Prezado Nuno, salve Maria!

    Não sei quem lhe afirmou isso, mas não é verdade que não se encontram fósseis de espécies atuais. O número de espécies de foraminíferos, por exemplo, encontrados em camadas geológicas do Cambriano e vivas, ainda hoje, é imenso. Outros exemplos clássicos são o Celacanto e o Limulus, chamados fósseis-vivos, que impressionam por seu tamanho e por parecem, aos olhos evolucionistas, animais primitivos. No entanto, são espécies vivas há milhões de anos sem mudarem nada.
    Recentemente, mais um caso de fóssil-vivo foi registrado. Veja a noticia abaixo, cujos destaques são nossos:



19 de maio de 2006 – 15:15 Cientistas descobrem nova espécie de “fóssil vivo”
Outro “fóssil vivo” do grupo Neoglyphea havia sido descoberto em 1908, nas Filipinas AP

PARIS – Cientistas franceses informa ter descoberto um exemplar de uma espécie de crustáceo que, acreditava-se, tinha sido extinta há 60 milhões de anos. O “fóssil vivo”, fêmea da espécie batizada de Neoglyphea neocaledonica, foi descoberto a 400 metros de profundidade durante uma expedição nas Ilhas Chesterfield, diz nota do Museu Nacional de História Natural e do Instituto de Pesquisa para o Desenvolvimento. Outro “fóssil vivo” do grupo Neoglyphea havia sido descoberto em 1908, nas Filipinas, pelo navio de pesquisas U.S. Albatross. O espécime ficou sem identificação até 1975, quando dois cientistas franceses o identificaram e batizaram: Neoglyphea inopinata. Mais dessas criaturas foram encontradas em expedições entre 1976 e 1984. Em outubro, os biólogos marinhos Philippe Bouchet e Bertrand Richer De Forges encontraram a nova espécie do mesmo gênero num platô submarino entre Austrália e Nova Caledônia. Em entrevista por telefone, Bouchet descreveu a criatura, de 12 centímetros, como “uma mistura de camarão e lagosta”.
(fonte: www.estadao.com.br/ciencia/noticias/2006/mai/19/151.htm)
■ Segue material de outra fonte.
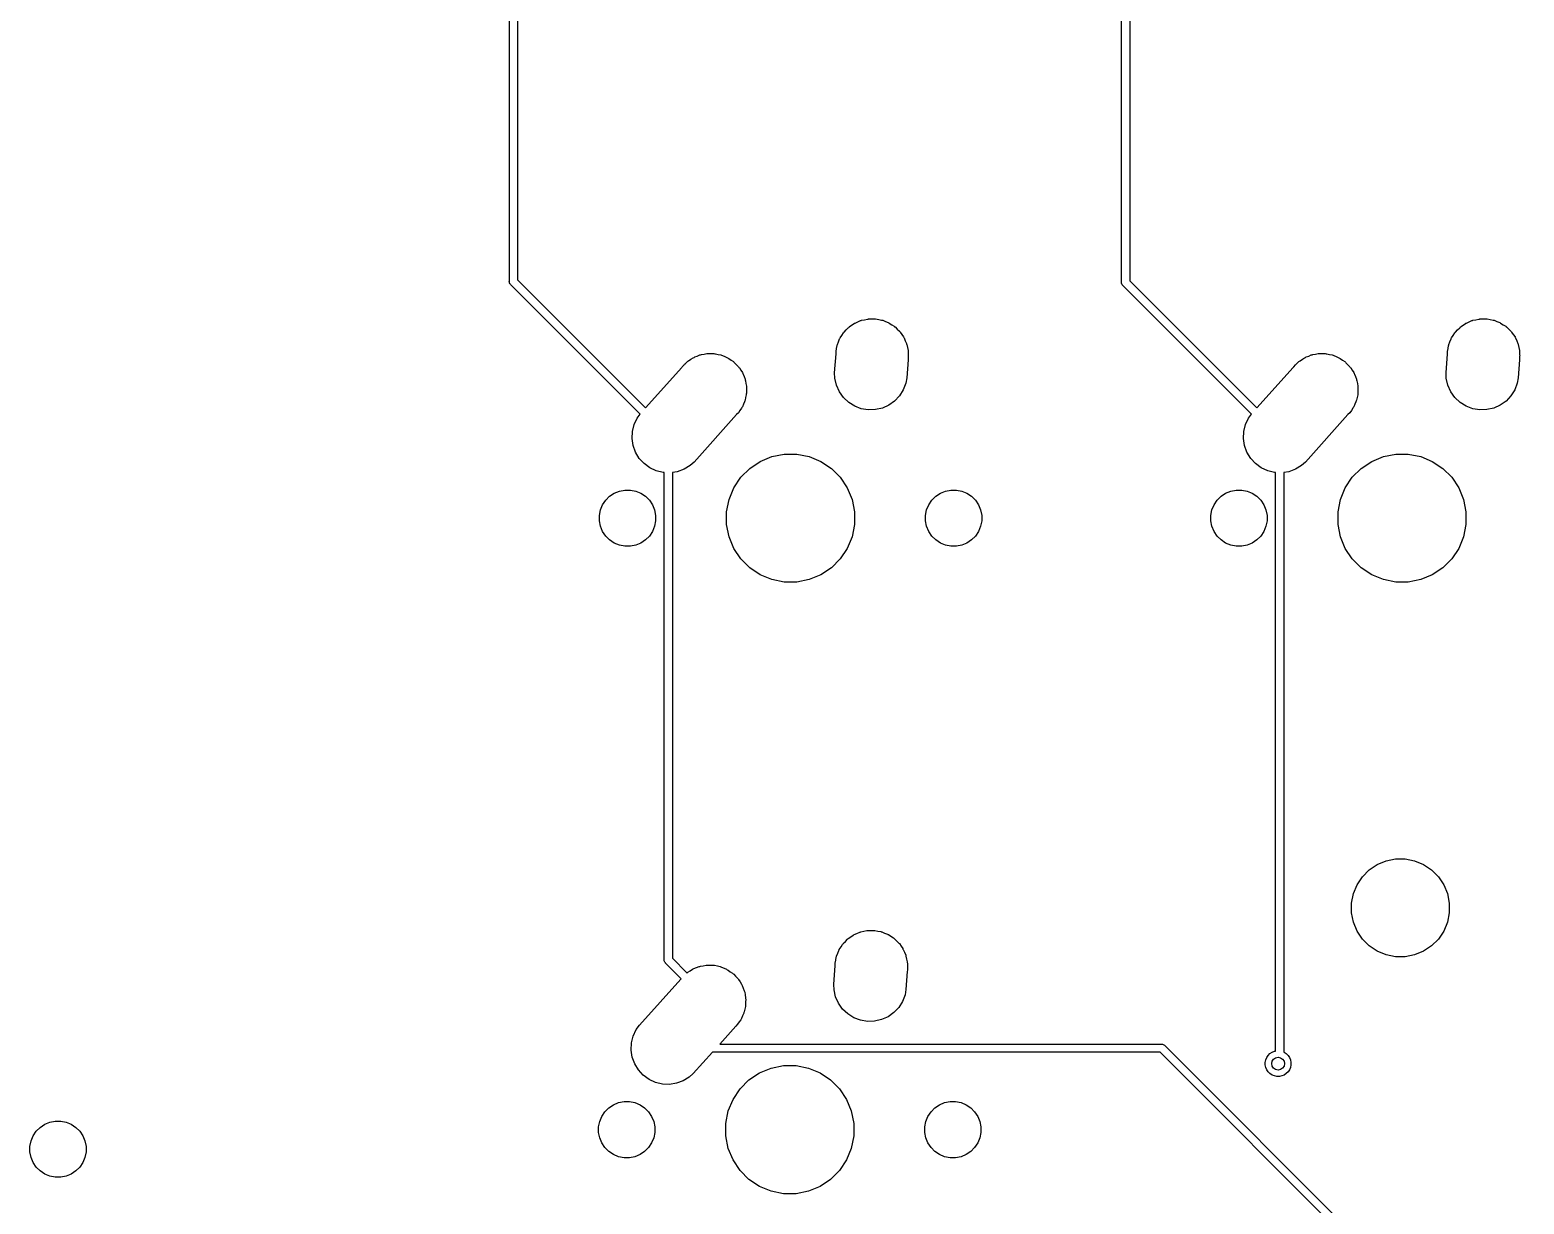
# Model space of a CAD drawing. Extents: x -26.1 to -7.5, y -7.6 to -2.2.
# Drawn here: x -11.094 to -9.261, y -5.81 to -4.37 of the extents above; entities that cross this region are included whole.
import ezdxf

# ---------------------------------------------------------------- set-up
doc = ezdxf.new("R2010")
doc.units = 0
doc.header["$MEASUREMENT"] = 0
doc.layers.add('BLACK', color=7, linetype='CONTINUOUS')

msp = doc.modelspace()

# ---------------------------------------------------------------- linework, layer by layer
at = {"layer": 'BLACK', "linetype": 'CONTINUOUS'}
for p, q in [((-10.5057, -4.67875), (-10.5057, -4.16511)), ((-10.4957, -4.16504), (-10.4957, -4.67693)), ((-9.75474, -4.67975), (-9.75474, -4.16511)), ((-9.74474, -4.16504), (-9.74474, -4.67793)), ((-10.5058, -4.679), (-10.5057, -4.67875)), ((-10.5057, -4.67998), (-10.5058, -4.679)), ((-10.5054, -4.68092), (-10.5057, -4.67998)), ((-10.505, -4.6817), (-10.5054, -4.68092)), ((-10.5049, -4.68179), (-10.505, -4.6817)), ((-10.5043, -4.68255), (-10.5049, -4.68179)), ((-10.5041, -4.68271), (-10.5043, -4.68255)), ((-10.3454, -4.84139), (-10.5041, -4.68271)), ((-10.4957, -4.67693), (-10.3388, -4.83391)), ((-9.75476, -4.68), (-9.75474, -4.67975)), ((-9.75467, -4.68098), (-9.75476, -4.68)), ((-9.75438, -4.68192), (-9.75467, -4.68098)), ((-9.754, -4.68263), (-9.75438, -4.68192)), ((-9.75392, -4.68279), (-9.754, -4.68263)), ((-9.75329, -4.68355), (-9.75392, -4.68279)), ((-9.7531, -4.68371), (-9.75329, -4.68355)), ((-9.59542, -4.84139), (-9.7531, -4.68371)), ((-9.74474, -4.67793), (-9.58876, -4.83391)), ((-10.0817, -4.72975), (-10.0783, -4.72833)), ((-10.0783, -4.72833), (-10.0749, -4.72681)), ((-10.0749, -4.72681), (-10.0743, -4.72666)), ((-10.0743, -4.72666), (-10.0737, -4.72641)), ((-10.0737, -4.72641), (-10.07, -4.72569)), ((-10.07, -4.72569), (-10.0664, -4.72486)), ((-10.0664, -4.72486), (-10.0657, -4.72484)), ((-10.0657, -4.72484), (-10.0651, -4.72471)), ((-10.0651, -4.72471), (-10.0614, -4.72471)), ((-10.0614, -4.72471), (-10.0577, -4.7246)), ((-10.0577, -4.7246), (-10.057, -4.72471)), ((-10.057, -4.72471), (-10.0564, -4.72471)), ((-10.0564, -4.72471), (-10.0527, -4.72543)), ((-10.0527, -4.72543), (-10.0491, -4.72605)), ((-10.0491, -4.72605), (-10.0485, -4.72628)), ((-10.0485, -4.72628), (-10.0478, -4.72641)), ((-10.0478, -4.72641), (-10.0444, -4.72783)), ((-10.0444, -4.72783), (-10.0409, -4.72915)), ((-9.33172, -4.72975), (-9.32829, -4.72833)), ((-9.32829, -4.72833), (-9.3249, -4.72681)), ((-9.3249, -4.72681), (-9.32426, -4.72666)), ((-9.32426, -4.72666), (-9.32366, -4.72641)), ((-9.32366, -4.72641), (-9.32002, -4.72569)), ((-9.32002, -4.72569), (-9.3164, -4.72486)), ((-9.3164, -4.72486), (-9.31574, -4.72484)), ((-9.31574, -4.72484), (-9.3151, -4.72471)), ((-9.3151, -4.72471), (-9.31139, -4.72471)), ((-9.31139, -4.72471), (-9.30768, -4.7246)), ((-9.30768, -4.7246), (-9.30703, -4.72471)), ((-9.30703, -4.72471), (-9.30638, -4.72471)), ((-9.30638, -4.72471), (-9.30274, -4.72543)), ((-9.30274, -4.72543), (-9.29907, -4.72605)), ((-9.29907, -4.72605), (-9.29846, -4.72628)), ((-9.29846, -4.72628), (-9.29782, -4.72641)), ((-9.29782, -4.72641), (-9.29439, -4.72783)), ((-9.29439, -4.72783), (-9.29092, -4.72915)), ((-10.1, -4.74802), (-10.0979, -4.74493)), ((-10.0979, -4.74493), (-10.096, -4.74179)), ((-10.096, -4.74179), (-10.0955, -4.74131)), ((-10.0955, -4.74131), (-10.0951, -4.74077)), ((-10.0951, -4.74077), (-10.0925, -4.73814)), ((-10.0925, -4.73814), (-10.09, -4.73544)), ((-10.09, -4.73544), (-10.0894, -4.73506)), ((-10.0894, -4.73506), (-10.089, -4.7346)), ((-10.089, -4.7346), (-10.0859, -4.73253)), ((-10.0859, -4.73253), (-10.0829, -4.73038)), ((-10.0829, -4.73038), (-10.0823, -4.73011)), ((-10.0823, -4.73011), (-10.0817, -4.72975)), ((-10.0409, -4.72915), (-10.0404, -4.7295)), ((-10.0404, -4.7295), (-10.0398, -4.72975)), ((-10.0398, -4.72975), (-10.0367, -4.73181)), ((-10.0367, -4.73181), (-10.0335, -4.73378)), ((-10.0335, -4.73378), (-10.0331, -4.73423)), ((-10.0331, -4.73423), (-10.0325, -4.7346)), ((-10.0325, -4.7346), (-10.0299, -4.73722)), ((-10.0299, -4.73722), (-10.0272, -4.73977)), ((-10.0272, -4.73977), (-10.0268, -4.7403)), ((-10.0268, -4.7403), (-10.0263, -4.74077)), ((-10.0263, -4.74077), (-10.0243, -4.74385)), ((-10.0243, -4.74385), (-10.0221, -4.74688)), ((-10.0221, -4.74688), (-10.0219, -4.74748)), ((-9.34999, -4.74802), (-9.34793, -4.74493)), ((-9.34793, -4.74493), (-9.34596, -4.74179)), ((-9.34596, -4.74179), (-9.34551, -4.74131)), ((-9.34551, -4.74131), (-9.34514, -4.74077)), ((-9.34514, -4.74077), (-9.34252, -4.73814)), ((-9.34252, -4.73814), (-9.33997, -4.73544)), ((-9.33997, -4.73544), (-9.33944, -4.73506)), ((-9.33944, -4.73506), (-9.33897, -4.7346)), ((-9.33897, -4.7346), (-9.33589, -4.73253)), ((-9.33589, -4.73253), (-9.33286, -4.73038)), ((-9.33286, -4.73038), (-9.33226, -4.73011)), ((-9.33226, -4.73011), (-9.33172, -4.72975)), ((-9.29092, -4.72915), (-9.29037, -4.7295)), ((-9.29037, -4.7295), (-9.28976, -4.72975)), ((-9.28976, -4.72975), (-9.28667, -4.73181)), ((-9.28667, -4.73181), (-9.28353, -4.73378)), ((-9.28353, -4.73378), (-9.28305, -4.73423)), ((-9.28305, -4.73423), (-9.28251, -4.7346)), ((-9.28251, -4.7346), (-9.27988, -4.73722)), ((-9.27988, -4.73722), (-9.27718, -4.73977)), ((-9.27718, -4.73977), (-9.2768, -4.7403)), ((-9.2768, -4.7403), (-9.27634, -4.74077)), ((-9.27634, -4.74077), (-9.27427, -4.74385)), ((-9.27427, -4.74385), (-9.27212, -4.74688)), ((-9.27212, -4.74688), (-9.27185, -4.74748)), ((-10.105, -4.76464), (-10.1043, -4.76099)), ((-10.105, -4.76748), (-10.105, -4.76464)), ((-10.1043, -4.76099), (-10.1037, -4.75733)), ((-10.1037, -4.75733), (-10.1035, -4.75672)), ((-10.1035, -4.75672), (-10.1033, -4.75608)), ((-10.1033, -4.75608), (-10.1019, -4.75265)), ((-10.1019, -4.75265), (-10.1006, -4.74918)), ((-10.1006, -4.74918), (-10.1002, -4.74863)), ((-10.1002, -4.74863), (-10.1, -4.74802)), ((-10.0219, -4.74748), (-10.0215, -4.74802)), ((-10.0215, -4.74802), (-10.0201, -4.75145)), ((-10.0201, -4.75145), (-10.0185, -4.75484)), ((-10.0185, -4.75484), (-10.0184, -4.75548)), ((-10.0184, -4.75548), (-10.0182, -4.75608)), ((-10.0182, -4.75608), (-10.0174, -4.75972)), ((-10.0174, -4.75972), (-10.0166, -4.76334)), ((-10.0166, -4.76334), (-10.0166, -4.764)), ((-10.0166, -4.764), (-10.0164, -4.76464)), ((-10.0164, -4.76464), (-10.0164, -4.76835)), ((-9.35503, -4.76464), (-9.35431, -4.76099)), ((-9.35503, -4.76748), (-9.35503, -4.76464)), ((-9.35431, -4.76099), (-9.35369, -4.75733)), ((-9.35369, -4.75733), (-9.35346, -4.75672)), ((-9.35346, -4.75672), (-9.35333, -4.75608)), ((-9.35333, -4.75608), (-9.35191, -4.75265)), ((-9.35191, -4.75265), (-9.35059, -4.74918)), ((-9.35059, -4.74918), (-9.35024, -4.74863)), ((-9.35024, -4.74863), (-9.34999, -4.74802)), ((-9.27185, -4.74748), (-9.27149, -4.74802)), ((-9.27149, -4.74802), (-9.27007, -4.75145)), ((-9.27007, -4.75145), (-9.26855, -4.75484)), ((-9.26855, -4.75484), (-9.2684, -4.75548)), ((-9.2684, -4.75548), (-9.26815, -4.75608)), ((-9.26815, -4.75608), (-9.26743, -4.75972)), ((-9.26743, -4.75972), (-9.2666, -4.76334)), ((-9.2666, -4.76334), (-9.26658, -4.764)), ((-9.26658, -4.764), (-9.26645, -4.76464)), ((-9.26645, -4.76464), (-9.26645, -4.76835)), ((-10.2942, -4.78429), (-10.2936, -4.78329)), ((-10.2936, -4.78329), (-10.2913, -4.78105)), ((-10.2913, -4.78105), (-10.2907, -4.78032)), ((-10.2907, -4.78032), (-10.2898, -4.77951)), ((-10.2898, -4.77951), (-10.2874, -4.77712)), ((-10.2874, -4.77712), (-10.2866, -4.77657)), ((-10.2866, -4.77657), (-10.2859, -4.77591)), ((-10.2859, -4.77591), (-10.283, -4.77415)), ((-10.283, -4.77415), (-10.2801, -4.77227)), ((-10.2801, -4.77227), (-10.2792, -4.77189)), ((-10.2792, -4.77189), (-10.2784, -4.77138)), ((-10.2784, -4.77138), (-10.2752, -4.77023)), ((-10.2752, -4.77023), (-10.2721, -4.76893)), ((-10.2721, -4.76893), (-10.2711, -4.76874)), ((-10.2711, -4.76874), (-10.2702, -4.7684)), ((-10.2702, -4.7684), (-10.2668, -4.76789)), ((-10.2668, -4.76789), (-10.2635, -4.76723)), ((-10.2635, -4.76723), (-10.2625, -4.76723)), ((-10.2625, -4.76723), (-10.2616, -4.76708)), ((-10.2616, -4.76708), (-10.2582, -4.76723)), ((-10.2582, -4.76723), (-10.2548, -4.76723)), ((-10.2548, -4.76723), (-10.2538, -4.76742)), ((-10.2538, -4.76742), (-10.2529, -4.76746)), ((-10.2529, -4.76746), (-10.2496, -4.76827)), ((-10.2496, -4.76827), (-10.2462, -4.76893)), ((-10.2462, -4.76893), (-10.2453, -4.76931)), ((-10.2453, -4.76931), (-10.2444, -4.76954)), ((-10.2444, -4.76954), (-10.2413, -4.77097)), ((-10.2413, -4.77097), (-10.2382, -4.77227)), ((-10.2382, -4.77227), (-10.2374, -4.77282)), ((-10.2374, -4.77282), (-10.2365, -4.77323)), ((-10.2365, -4.77323), (-10.2337, -4.77524)), ((-10.2337, -4.77524), (-10.2309, -4.77712)), ((-10.2309, -4.77712), (-10.2302, -4.77781)), ((-10.2302, -4.77781), (-10.2294, -4.77839)), ((-10.2294, -4.77839), (-10.2272, -4.78089)), ((-10.2272, -4.78089), (-10.2248, -4.78329)), ((-10.2248, -4.78329), (-10.2242, -4.7841)), ((-10.1067, -4.79096), (-10.105, -4.76748)), ((-10.0167, -4.77487), (-10.0183, -4.79705)), ((-10.0164, -4.77336), (-10.0167, -4.77487)), ((-10.0164, -4.76835), (-10.0164, -4.76988)), ((-10.0164, -4.76988), (-10.0164, -4.77053)), ((-10.0164, -4.77053), (-10.0164, -4.77336)), ((-9.54424, -4.78429), (-9.54357, -4.78329)), ((-9.54357, -4.78329), (-9.54133, -4.78105)), ((-9.54133, -4.78105), (-9.54068, -4.78032)), ((-9.54068, -4.78032), (-9.53979, -4.77951)), ((-9.53979, -4.77951), (-9.5374, -4.77712)), ((-9.5374, -4.77712), (-9.53658, -4.77657)), ((-9.53658, -4.77657), (-9.53586, -4.77591)), ((-9.53586, -4.77591), (-9.53296, -4.77415)), ((-9.53296, -4.77415), (-9.53015, -4.77227)), ((-9.53015, -4.77227), (-9.52924, -4.77189)), ((-9.52924, -4.77189), (-9.5284, -4.77138)), ((-9.5284, -4.77138), (-9.52521, -4.77023)), ((-9.52521, -4.77023), (-9.52208, -4.76893)), ((-9.52208, -4.76893), (-9.52112, -4.76874)), ((-9.52112, -4.76874), (-9.5202, -4.7684)), ((-9.5202, -4.7684), (-9.51685, -4.76789)), ((-9.51685, -4.76789), (-9.51353, -4.76723)), ((-9.51353, -4.76723), (-9.51254, -4.76723)), ((-9.51254, -4.76723), (-9.51157, -4.76708)), ((-9.51157, -4.76708), (-9.50819, -4.76723)), ((-9.50819, -4.76723), (-9.5048, -4.76723)), ((-9.5048, -4.76723), (-9.50384, -4.76742)), ((-9.50384, -4.76742), (-9.50286, -4.76746)), ((-9.50286, -4.76746), (-9.49957, -4.76827)), ((-9.49957, -4.76827), (-9.49625, -4.76893)), ((-9.49625, -4.76893), (-9.49534, -4.76931)), ((-9.49534, -4.76931), (-9.49438, -4.76954)), ((-9.49438, -4.76954), (-9.49131, -4.77097)), ((-9.49131, -4.77097), (-9.48819, -4.77227)), ((-9.48819, -4.77227), (-9.48737, -4.77282)), ((-9.48737, -4.77282), (-9.48648, -4.77323)), ((-9.48648, -4.77323), (-9.48375, -4.77524)), ((-9.48375, -4.77524), (-9.48093, -4.77712)), ((-9.48093, -4.77712), (-9.48024, -4.77781)), ((-9.48024, -4.77781), (-9.47944, -4.77839)), ((-9.47944, -4.77839), (-9.47716, -4.78089)), ((-9.47716, -4.78089), (-9.47476, -4.78329)), ((-9.47476, -4.78329), (-9.47422, -4.7841)), ((-9.35665, -4.79096), (-9.35503, -4.76748)), ((-9.26675, -4.77487), (-9.26828, -4.79705)), ((-9.26645, -4.77336), (-9.26675, -4.77487)), ((-9.26645, -4.76835), (-9.2664, -4.76988)), ((-9.2664, -4.76988), (-9.26645, -4.77053)), ((-9.26645, -4.77053), (-9.26645, -4.77336)), ((-10.3388, -4.83391), (-10.2942, -4.78429)), ((-10.2242, -4.7841), (-10.2236, -4.78483)), ((-10.2236, -4.78483), (-10.2218, -4.78773)), ((-10.2218, -4.78773), (-10.2199, -4.79054)), ((-10.2199, -4.79054), (-10.2195, -4.79145)), ((-10.2195, -4.79145), (-10.219, -4.79229)), ((-10.219, -4.79229), (-10.2179, -4.79547)), ((-10.2179, -4.79547), (-10.2166, -4.7986)), ((-10.2166, -4.7986), (-10.2164, -4.79956)), ((-10.2164, -4.79956), (-10.216, -4.80049)), ((-10.216, -4.80049), (-10.2155, -4.80384)), ((-10.1065, -4.79749), (-10.1067, -4.79096)), ((-10.1045, -4.806), (-10.1065, -4.79749)), ((-10.0183, -4.79705), (-10.0194, -4.8035)), ((-9.58876, -4.83391), (-9.54424, -4.78429)), ((-9.47422, -4.7841), (-9.47355, -4.78483)), ((-9.47355, -4.78483), (-9.4718, -4.78773)), ((-9.4718, -4.78773), (-9.46991, -4.79054)), ((-9.46991, -4.79054), (-9.46954, -4.79145)), ((-9.46954, -4.79145), (-9.46903, -4.79229)), ((-9.46903, -4.79229), (-9.46787, -4.79547)), ((-9.46787, -4.79547), (-9.46658, -4.7986)), ((-9.46658, -4.7986), (-9.46638, -4.79956)), ((-9.46638, -4.79956), (-9.46605, -4.80049)), ((-9.46605, -4.80049), (-9.46553, -4.80384)), ((-9.35646, -4.79749), (-9.35665, -4.79096)), ((-9.35451, -4.806), (-9.35646, -4.79749)), ((-9.26828, -4.79705), (-9.26937, -4.8035)), ((-10.2151, -4.81783), (-10.2159, -4.82112)), ((-10.2155, -4.80384), (-10.2149, -4.80716)), ((-10.2149, -4.81588), (-10.2151, -4.81685)), ((-10.2151, -4.81685), (-10.2151, -4.81783)), ((-10.2149, -4.80716), (-10.2149, -4.80814)), ((-10.2149, -4.80814), (-10.2147, -4.80911)), ((-10.2147, -4.80911), (-10.2149, -4.8125)), ((-10.2149, -4.8125), (-10.2149, -4.81588)), ((-10.1009, -4.81396), (-10.1045, -4.806)), ((-10.0959, -4.82107), (-10.1009, -4.81396)), ((-10.0271, -4.81905), (-10.0331, -4.8254)), ((-10.0225, -4.81165), (-10.0271, -4.81905)), ((-10.0194, -4.8035), (-10.0225, -4.81165)), ((-9.46511, -4.81783), (-9.46592, -4.82112)), ((-9.46553, -4.80384), (-9.46487, -4.80716)), ((-9.46507, -4.81685), (-9.46511, -4.81783)), ((-9.46487, -4.81588), (-9.46507, -4.81685)), ((-9.46487, -4.80716), (-9.46487, -4.80814)), ((-9.46487, -4.80814), (-9.46472, -4.80911)), ((-9.46472, -4.80911), (-9.46487, -4.8125)), ((-9.46487, -4.8125), (-9.46487, -4.81588)), ((-9.35093, -4.81396), (-9.35451, -4.806)), ((-9.34588, -4.82107), (-9.35093, -4.81396)), ((-9.2771, -4.81905), (-9.28308, -4.8254)), ((-9.27247, -4.81165), (-9.2771, -4.81905)), ((-9.26937, -4.8035), (-9.27247, -4.81165)), ((-10.2229, -4.83694), (-10.2248, -4.83975)), ((-10.2209, -4.83421), (-10.2229, -4.83694)), ((-10.2205, -4.83332), (-10.2209, -4.83421)), ((-10.2199, -4.8325), (-10.2205, -4.83332)), ((-10.2186, -4.82937), (-10.2199, -4.8325)), ((-10.2172, -4.8263), (-10.2186, -4.82937)), ((-10.217, -4.82535), (-10.2172, -4.8263)), ((-10.2166, -4.82444), (-10.217, -4.82535)), ((-10.2159, -4.82112), (-10.2166, -4.82444)), ((-10.0895, -4.82705), (-10.0959, -4.82107)), ((-10.0821, -4.83168), (-10.0895, -4.82705)), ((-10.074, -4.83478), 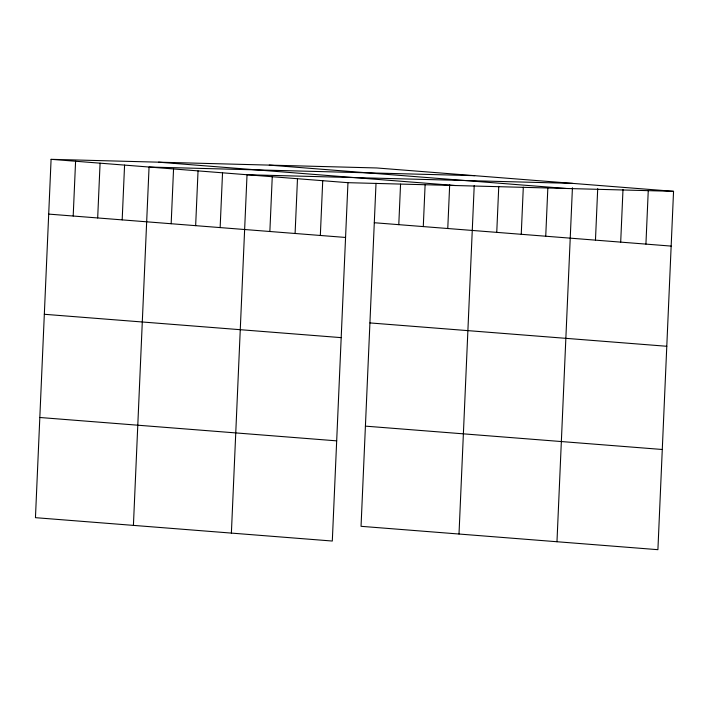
<?xml version="1.0" encoding="UTF-8"?>
<svg xmlns="http://www.w3.org/2000/svg" width="709" height="709" viewBox="0 0 709 709"><rect width="100%" height="100%" fill="white"/><g stroke="black" fill="none" stroke-linecap="round" stroke-linejoin="round"><path stroke-width="1.06" d="M51.092 159.321L35.45 517.676L332.308 541.038L347.959 182.683L51.092 159.321L376.692 167.962L673.55 191.324L657.908 549.679L361.041 526.317L376.018 183.303M73.195 216.023L75.588 161.253M97.682 217.947L100.075 163.176M122.178 219.879L124.571 165.108M133.416 525.387L149.058 167.032L474.658 175.672M171.161 223.734L173.554 168.964M195.649 225.657L198.041 170.887M220.144 227.589L222.537 172.81M231.382 533.097L247.024 174.742L572.615 183.383M269.863 231.497L272.256 176.727M295.095 233.483L297.488 178.712M320.335 235.468L322.728 180.698M398.786 224.664L400.558 184.136M423.282 226.588L425.099 184.96M447.769 228.52L449.683 184.703M459.007 534.028L474.224 185.528M496.752 232.375L498.764 186.361M521.248 234.298L523.304 187.194M545.735 236.221L547.835 188.027M556.973 541.738L572.429 187.761M595.463 240.138L597.705 188.647M620.694 242.123L622.989 189.542M645.926 244.109L648.265 190.429M347.959 182.683L673.55 191.324M269.243 165.117L566.101 188.47M158.541 162.175L455.4 185.528M374.299 222.732L671.157 246.094M48.708 214.1L345.567 237.453M369.921 322.923L666.788 346.276M44.33 314.282L341.189 337.635M365.419 426.136L662.277 449.488M39.828 417.495L336.686 440.856"/></g></svg>

    Também não podemos nos esquecer das diversas espécies de árvores, samambaias e algas como exemplares fósseis datados também de centenas de milhares de anos, mas que ainda vivem perfeitamente hoje, sem “evoluir”.
    Dizem os evolucionistas que esses seres vivos não evoluiram pois já estariam suficientemente adaptados ao meio em que vivem. Ora, mas a Evolução não é uma regra da natureza? E as muitas espécies que usam ou são usadas como recursos por esses fósseis-vivos, como ficam? Pois elas teriam, em teoria, mudado muito nesse tempo. E a hipótese neodarwinista do “equilíbrio dinâmico” nas mudanças genéticas, quando todos os seres vivos estão em contínua evolução, para permanecerem vivos e adaptados?. É a famosa hipótese da “Rainha Vermelha”, dos contos de Alice, que corre numa esteira, para ficar no mesmo lugar.
    E o meio, não foi alterado em centenas de milhares de anos?
    Em suma, os fósseis-vivos são uma pedra no sapato dos partidários de Darwin e seus descendentes. E uma pedra bem aguda.
    Outro problema maior ainda para os evolucionistas: a chamada explosão do Cambriano. Como explicar o surgimento repentino da grande maioria dos filos atualmente existentes em tão pouco tempo, mostrado nos registros fósseis datados desse período geologico? Muitos destes fósseis são de espécies ainda vivas.
    O que não existem são fósseis que registrem mudanças graduais nas espécies. Esse cabelo não foi achado no ovo de Darwin.
    Meu caro Nuno, quem te disse que não existem fósseis de espécies ainda vivas falsificou uma informação. Enganaram-te e com má vontade.